▶ [WHAT YOU WILL DO]
When you reach the line containing "Switch2/1 -> O_Pos_Bias/1" in the data below, begin returning lines exactly as written, and stop once the line containing "Product3/1 -> Sum1/1" has been returned.

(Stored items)
╔══
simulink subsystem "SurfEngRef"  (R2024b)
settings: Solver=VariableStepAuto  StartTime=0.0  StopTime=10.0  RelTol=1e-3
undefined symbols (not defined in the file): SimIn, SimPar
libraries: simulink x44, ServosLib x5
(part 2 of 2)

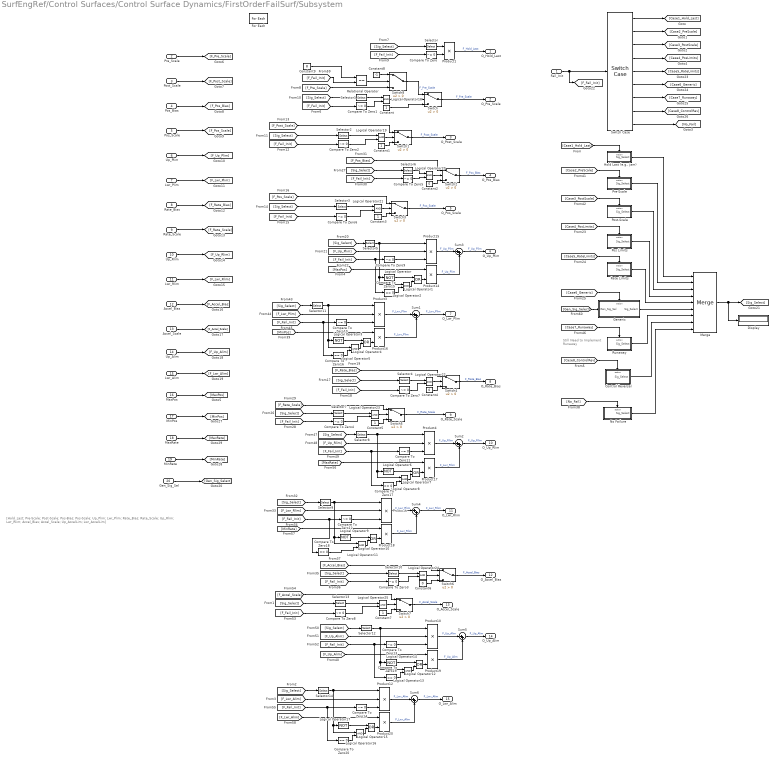
== system SurfEngRef/Control Surfaces/Control Surface Dynamics/FirstOrderFailSurf/Subsystem ==
  note: Still Need to Implement
      | Runaway
  note: [Hold_Last; Pre-Scale; Post-Scale; Pos-Bias; Pos-Scale; Up_Plim; Lwr_Plim; Rate_Bias; Rate_Scale; Up_Rlim; Lwr_Rlim; Accel_Bias; Accel_Scale; Up_AccelLim; Lwr_AccelLim]
  Fail_Init : Inport  Partition=on  PartitionDimension=1  PartitionWidth=1  PartitionOffset=0
  Pre_Scale : Inport  Port=2  Partition=on  PartitionDimension=1  PartitionWidth=1  PartitionOffset=0
  Post_Scale : Inport  Port=3  Partition=on  PartitionDimension=1  PartitionWidth=1  PartitionOffset=0
  Pos_Bias : Inport  Port=4  Partition=on  PartitionDimension=1  PartitionWidth=1  PartitionOffset=0
  Pos_Scale : Inport  Port=5  Partition=on  PartitionDimension=1  PartitionWidth=1  PartitionOffset=0
  Up_Plim : Inport  Port=6  Partition=on  PartitionDimension=1  PartitionWidth=1  PartitionOffset=0
  Lwr_Plim : Inport  Port=7  Partition=on  PartitionDimension=1  PartitionWidth=1  PartitionOffset=0
  Rate_Bias : Inport  Port=8  Partition=on  PartitionDimension=1  PartitionWidth=1  PartitionOffset=0
  Rate_Scale : Inport  Port=9  Partition=on  PartitionDimension=1  PartitionWidth=1  PartitionOffset=0
  Up_Rlim : Inport  Port=10  Partition=on  PartitionDimension=1  PartitionWidth=1  PartitionOffset=0
  Lwr_Rlim : Inport  Port=11  Partition=on  PartitionDimension=1  PartitionWidth=1  PartitionOffset=0
  Accel_Bias : Inport  Port=12  Partition=on  PartitionDimension=1  PartitionWidth=1  PartitionOffset=0
  Accel_Scale : Inport  Port=13  Partition=on  PartitionDimension=1  PartitionWidth=1  PartitionOffset=0
  Up_Alim : Inport  Port=14  Partition=on  PartitionDimension=1  PartitionWidth=1  PartitionOffset=0
  Lwr_Alim : Inport  Port=15  Partition=on  PartitionDimension=1  PartitionWidth=1  PartitionOffset=0
  MaxPos : Inport  Port=16  Partition=on  PartitionDimension=1  PartitionWidth=1  PartitionOffset=0
  MinPos : Inport  Port=17  Partition=on  PartitionDimension=1  PartitionWidth=1  PartitionOffset=0
  MaxRate : Inport  Port=18  Partition=on  PartitionDimension=1  PartitionWidth=1  PartitionOffset=0
  MinRate : Inport  Port=19  Partition=on  PartitionDimension=1  PartitionWidth=1  PartitionOffset=0
  Gen_Sig_Sel : Inport  Port=20
  Compare To Zero{,1..14} (15 alike) : simulink/Logic and Bit Operations/Compare To Zero  relop=~=  OutDataTypeStr=boolean
  Compare To Zero{15..20} (6 alike) : simulink/Logic and Bit Operations/Compare To Zero  relop===  OutDataTypeStr=boolean
  Constant{,1,3,5,7} (5 alike) : Constant
  Constant2 : Constant  Value=0
  Constant4 : Constant  Value=0
  Constant6 : Constant  Value=0
  Constant8 : Constant  Value=-1
  Constant9 : Constant  Value=8
  Control Reversal : Subsystem  TreatAsAtomicUnit=on
  Display : Display
  For Each : ForEach  DisableCoverage=on
  Generic : Subsystem  TreatAsAtomicUnit=on
  "Hold Last (e.g., jam)" : Subsystem  TreatAsAtomicUnit=on
  Logical Operator{,3,6,9,14,17} (6 alike) : Logic  Operator=NOT  AllPortsSameDT=off  OutDataTypeStr=boolean
  Logical Operator{1,4,7,10,12,15} (6 alike) : Logic  Operator=OR  AllPortsSameDT=off  OutDataTypeStr=boolean
  Logical Operator{2,5,8,11,13,16,18..25} (14 alike) : Logic  AllPortsSameDT=off  OutDataTypeStr=boolean
  Merge : Merge  Inputs=9  InitialOutput=7
  No Failure : Subsystem  TreatAsAtomicUnit=on
  Pos Limits : Subsystem  TreatAsAtomicUnit=on
  Post-Scale : Subsystem  TreatAsAtomicUnit=on
  Pre-Scale : Subsystem  TreatAsAtomicUnit=on
  Product{1,14,16..20} (7 alike) : Product
  Product{3..4,6,10,12,15} (6 alike) : Product  Inputs=3
  Rate Limits : Subsystem  TreatAsAtomicUnit=on
  Relational Operator : RelationalOperator  Operator===  OutDataTypeStr=boolean  RndMeth=Simplest  InputSameDT=off
  Runaway : Subsystem  TreatAsAtomicUnit=on
  Selector : Selector  IndexOptions=Index vector (dialog)  Indices=1  OutputSizes=1
  Selector1 : Selector  IndexOptions=Index vector (dialog)  Indices=2  OutputSizes=1
  Selector10 : Selector  IndexOptions=Index vector (dialog)  Indices=12  OutputSizes=1
  Selector11 : Selector  IndexOptions=Index vector (dialog)  Indices=7  OutputSizes=1
  Selector12 : Selector  IndexOptions=Index vector (dialog)  Indices=14  OutputSizes=1
  Selector13 : Selector  IndexOptions=Index vector (dialog)  Indices=13  OutputSizes=1
  Selector14 : Selector  IndexOptions=Index vector (dialog)  Indices=15  OutputSizes=1
  Selector2 : Selector  IndexOptions=Index vector (dialog)  Indices=3  OutputSizes=1
  Selector3 : Selector  IndexOptions=Index vector (dialog)  Indices=5  OutputSizes=1
  Selector4 : Selector  IndexOptions=Index vector (dialog)  Indices=8  OutputSizes=1
  Selector5 : Selector  IndexOptions=Index vector (dialog)  Indices=6  OutputSizes=1
  Selector6 : Selector  IndexOptions=Index vector (dialog)  Indices=4  OutputSizes=1
  Selector7 : Selector  IndexOptions=Index vector (dialog)  Indices=9  OutputSizes=1
  Selector8 : Selector  IndexOptions=Index vector (dialog)  Indices=10  OutputSizes=1
  Selector9 : Selector  IndexOptions=Index vector (dialog)  Indices=11  OutputSizes=1
  Sum{1..6} (6 alike) : Sum  Inputs=|++
  Switch{,1..8} (9 alike) : Switch  Criteria=u2 > Threshold  SaturateOnIntegerOverflow=off  InputSameDT=off
  Switch Case : SwitchCase  CaseConditions={1, 2, 3, 4, 5, 6, 7, 8}
  O_Hold_Last : Outport  ConcatenationDimension=1
  O_Pre_Scale : Outport  Port=2  ConcatenationDimension=1
  O_Post_Scale : Outport  Port=3  ConcatenationDimension=1
  O_Pos_Bias : Outport  Port=4  ConcatenationDimension=1
  O_Pos_Scale : Outport  Port=5  ConcatenationDimension=1
  O_Up_Plim : Outport  Port=6  ConcatenationDimension=1
  O_Lwr_Plim : Outport  Port=7  ConcatenationDimension=1
  O_Rate_Bias : Outport  Port=8  ConcatenationDimension=1
  O_Rate_Scale : Outport  Port=9  ConcatenationDimension=1
  O_Up_Rlim : Outport  Port=10  ConcatenationDimension=1
  O_Lwr_Rlim : Outport  Port=11  ConcatenationDimension=1
  O_Accel_Bias : Outport  Port=12  ConcatenationDimension=1
  O_Accel_Scale : Outport  Port=13  ConcatenationDimension=1
  O_Up_Alim : Outport  Port=14  ConcatenationDimension=1
  O_Lwr_Alim : Outport  Port=15  ConcatenationDimension=1
  wires:
  [Gen_Sig_Select] -> Generic/1(Gen_Sig_Sel)
  Merge/1 -> [Sig_Select], Display/1
  Logical Operator2/1 -> Logical Operator1/2
  Compare To Zero15/1 -> Logical Operator2/2
  Logical Operator1/1 -> Product14/2
  Logical Operator/1 -> Logical Operator1/1
  [MaxPos] -> Product14/1
  Product14/1 -> Sum3/2  "F_Up_Plim"
  Product15/1 -> Sum3/1  "F_Up_Plim"
  MaxRate/1 -> [MaxRate]
  MinRate/1 -> [MinRate]
  MinPos/1 -> [MinPos]
  MaxPos/1 -> [MaxPos]
  [Sig_Select] -> Selector14/1
  [F_Lwr_Alim] -> Product12/2
  [F_Accel_Scale] -> Switch7/1
  [F_Fail_Init] -> Compare To Zero8/1
  Compare To Zero8/1 -> Logical Operator25/2
  Selector13/1 -> Logical Operator25/1
  [Sig_Select] -> Selector13/1
  Selector10/1 -> Logical Operator24/1
  [Sig_Select] -> Selector10/1
  [F_Fail_Init] -> Compare To Zero3/1
  Compare To Zero3/1 -> Logical Operator24/2
  [F_Up_Alim] -> Product10/2
  [Sig_Select] -> Selector12/1
  [F_Accel_Bias] -> Switch6/1
  [F_Lwr_Rlim] -> Product6/2
  [Sig_Select] -> Selector9/1
  [F_Fail_Init] -> Compare To Zero17/1, Compare To Zero11/1
  [Sig_Select] -> Selector8/1
  Switch5/1 -> O_Rate_Scale/1  "F_Rate_Scale"
  [F_Rate_Scale] -> Switch5/1
  Compare To Zero4/1 -> Logical Operator23/2
  [Sig_Select] -> Selector7/1
  Selector7/1 -> Logical Operator23/1
  [F_Fail_Init] -> Compare To Zero4/1
  Switch4/1 -> O_Rate_Bias/1  "F_Rate_Bias"
  [F_Rate_Bias] -> Switch4/1
  Selector4/1 -> Logical Operator22/1
  [Sig_Select] -> Selector4/1
  Compare To Zero7/1 -> Logical Operator22/2
  [F_Fail_Init] -> Compare To Zero7/1
  [F_Fail_Init] -> Compare To Zero6/1
  Compare To Zero6/1 -> Logical Operator21/2
  [Sig_Select] -> Selector3/1
  Selector3/1 -> Logical Operator21/1
  [F_Pos_Scale] -> Switch3/1
  Switch2/1 -> O_Pos_Bias/1  "F_Pos_Bias"
  [Sig_Select] -> Selector6/1
  Selector6/1 -> Logical Operator20/1
  Compare To Zero5/1 -> Logical Operator20/2
  [F_Fail_Init] -> Compare To Zero5/1
  [F_Pos_Bias] -> Switch2/1
  Compare To Zero2/1 -> Logical Operator19/2
  Compare To Zero1/1 -> Logical Operator18/2
  Generic/1(Sig_Select) -> Merge/6
  Runaway/1(Sig_Select) -> Merge/7
  [Case7_Runaway] -> Runaway/Action
  [Case6_Generic] -> Generic/Action
  No Failure/1(Sig_Select) -> Merge/9
  [No_Fail] -> No Failure/Action
  Switch6/1 -> O_Accel_Bias/1  "F_Accel_Bias"
  "Hold Last (e.g., jam)"/1(Sig_Select) -> Merge/1
  Product6/1 -> Sum4/1  "F_Lwr_Rlim"
  Product4/1 -> Sum2/1  "F_Up_Rlim"
  Product3/1 -> Sum1/1  "F_Lwr_Plim"
  Selector5/1 -> Product15/1, Logical Operator/1, Logical Operator2/1
  [Sig_Select] -> Selector5/1
  [F_Up_Plim] -> Product15/2
  Sum3/1 -> O_Up_Plim/1  "F_Up_Plim"
  Switch3/1 -> O_Pos_Scale/1  "F_Pos_Scale"
  Switch1/1 -> O_Post_Scale/1  "F_Post_Scale"
  Selector1/1 -> Logical Operator18/1
  [Sig_Select] -> Selector1/1
  [F_Pre_Scale] -> Switch8/3
  Switch/1 -> O_Pre_Scale/1  "F_Pre_Scale"
  [Sig_Select] -> Selector/1
  Product1/1 -> O_Hold_Last/1  "F_Hold_Last"
  Selector/1 -> Product1/1
  Product12/1 -> Sum6/1  "F_Lwr_Alim"
  Switch7/1 -> O_Accel_Scale/1  "F_Accel_Scale"
  Lwr_Alim/1 -> [F_Lwr_Alim]
  Up_Alim/1 -> [F_Up_Alim]
  Accel_Scale/1 -> [F_Accel_Scale]
  Accel_Bias/1 -> [F_Accel_Bias]
  Lwr_Rlim/1 -> [F_Lwr_Rlim]
  Up_Rlim/1 -> [F_Up_Rlim]
  Rate_Scale/1 -> [F_Rate_Scale]
  Rate_Bias/1 -> [F_Rate_Bias]
  Lwr_Plim/1 -> [F_Lwr_Plim]
  Up_Plim/1 -> [F_Up_Plim]
  Pos_Scale/1 -> [F_Pos_Scale]
  Pos_Bias/1 -> [F_Pos_Bias]
  Post_Scale/1 -> [F_Post_Scale]
  Pre_Scale/1 -> [F_Pre_Scale]
  Switch Case/9 -> [No_Fail]
  [Case1_Hold_Last] -> "Hold Last (e.g., jam)"/Action
  Switch Case/1 -> [Case1_Hold_Last]
  Fail_Init/1 -> [F_Fail_Init], Switch Case/1
  Switch Case/2 -> [Case2_PreScale]
  Switch Case/3 -> [Case3_PostScale]
  Switch Case/4 -> [Case4_PosLimits]
  Switch Case/5 -> [Case5_RateLimits]
  Switch Case/6 -> [Case6_Generic]
  Switch Case/7 -> [Case7_Runaway]
  Switch Case/8 -> [Case8_ControlRev]
  [Case8_ControlRev] -> Control Reversal/Action
  Control Reversal/1(Sig_Select) -> Merge/8
  [Case2_PreScale] -> Pre-Scale/Action
  Compare To Zero/1 -> Product1/2
  [F_Fail_Init] -> Compare To Zero/1
  [F_Fail_Init] -> Compare To Zero1/1
  [F_Fail_Init] -> Compare To Zero2/1
  [Sig_Select] -> Selector2/1
  Selector2/1 -> Logical Operator19/1
  [F_Post_Scale] -> Switch1/1
  Post-Scale/1(Sig_Select) -> Merge/3
  [Case3_PostScale] -> Post-Scale/Action
  Pre-Scale/1(Sig_Select) -> Merge/2
  [F_Fail_Init] -> Compare To Zero9/1, Compare To Zero15/1
  [F_Fail_Init] -> Compare To Zero16/1, Compare To Zero10/1
  [Sig_Select] -> Selector11/1
  [Case4_PosLimits] -> Pos Limits/Action
  Pos Limits/1(Sig_Select) -> Merge/4
  [Case5_RateLimits] -> Rate Limits/Action
  Rate Limits/1(Sig_Select) -> Merge/5
  [F_Lwr_Plim] -> Product3/2
  [F_Up_Rlim] -> Product4/2
  Compare To Zero9/1 -> Product15/3
  Compare To Zero11/1 -> Product4/3
  Compare To Zero12/1 -> Product6/3
  Compare To Zero13/1 -> Product10/3
  Compare To Zero14/1 -> Product12/3
  Product10/1 -> Sum5/1  "F_Up_Alim"
  Compare To Zero10/1 -> Product3/3
  Selector11/1 -> Logical Operator3/1, Logical Operator5/1, Product3/1
  Logical Operator5/1 -> Logical Operator4/2
  Compare To Zero16/1 -> Logical Operator5/2
  Logical Operator3/1 -> Logical Operator4/1
  Logical Operator4/1 -> Product16/2
  [MinPos] -> Product16/1
  Product16/1 -> Sum1/2  "F_Lwr_Plim"
  Sum1/1 -> O_Lwr_Plim/1  "F_Lwr_Plim"
  Logical Operator7/1 -> Product17/2
  Logical Operator6/1 -> Logical Operator7/1
  Selector8/1 -> Logical Operator6/1, Logical Operator8/1, Product4/1
  Compare To Zero17/1 -> Logical Operator8/2
  Logical Operator8/1 -> Logical Operator7/2
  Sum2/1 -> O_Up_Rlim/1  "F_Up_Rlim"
╚══
▶ [SOLUTION TO THIS EXERCISE]
  Switch2/1 -> O_Pos_Bias/1  "F_Pos_Bias"
  [Sig_Select] -> Selector6/1
  Selector6/1 -> Logical Operator20/1
  Compare To Zero5/1 -> Logical Operator20/2
  [F_Fail_Init] -> Compare To Zero5/1
  [F_Pos_Bias] -> Switch2/1
  Compare To Zero2/1 -> Logical Operator19/2
  Compare To Zero1/1 -> Logical Operator18/2
  Generic/1(Sig_Select) -> Merge/6
  Runaway/1(Sig_Select) -> Merge/7
  [Case7_Runaway] -> Runaway/Action
  [Case6_Generic] -> Generic/Action
  No Failure/1(Sig_Select) -> Merge/9
  [No_Fail] -> No Failure/Action
  Switch6/1 -> O_Accel_Bias/1  "F_Accel_Bias"
  "Hold Last (e.g., jam)"/1(Sig_Select) -> Merge/1
  Product6/1 -> Sum4/1  "F_Lwr_Rlim"
  Product4/1 -> Sum2/1  "F_Up_Rlim"
  Product3/1 -> Sum1/1  "F_Lwr_Plim"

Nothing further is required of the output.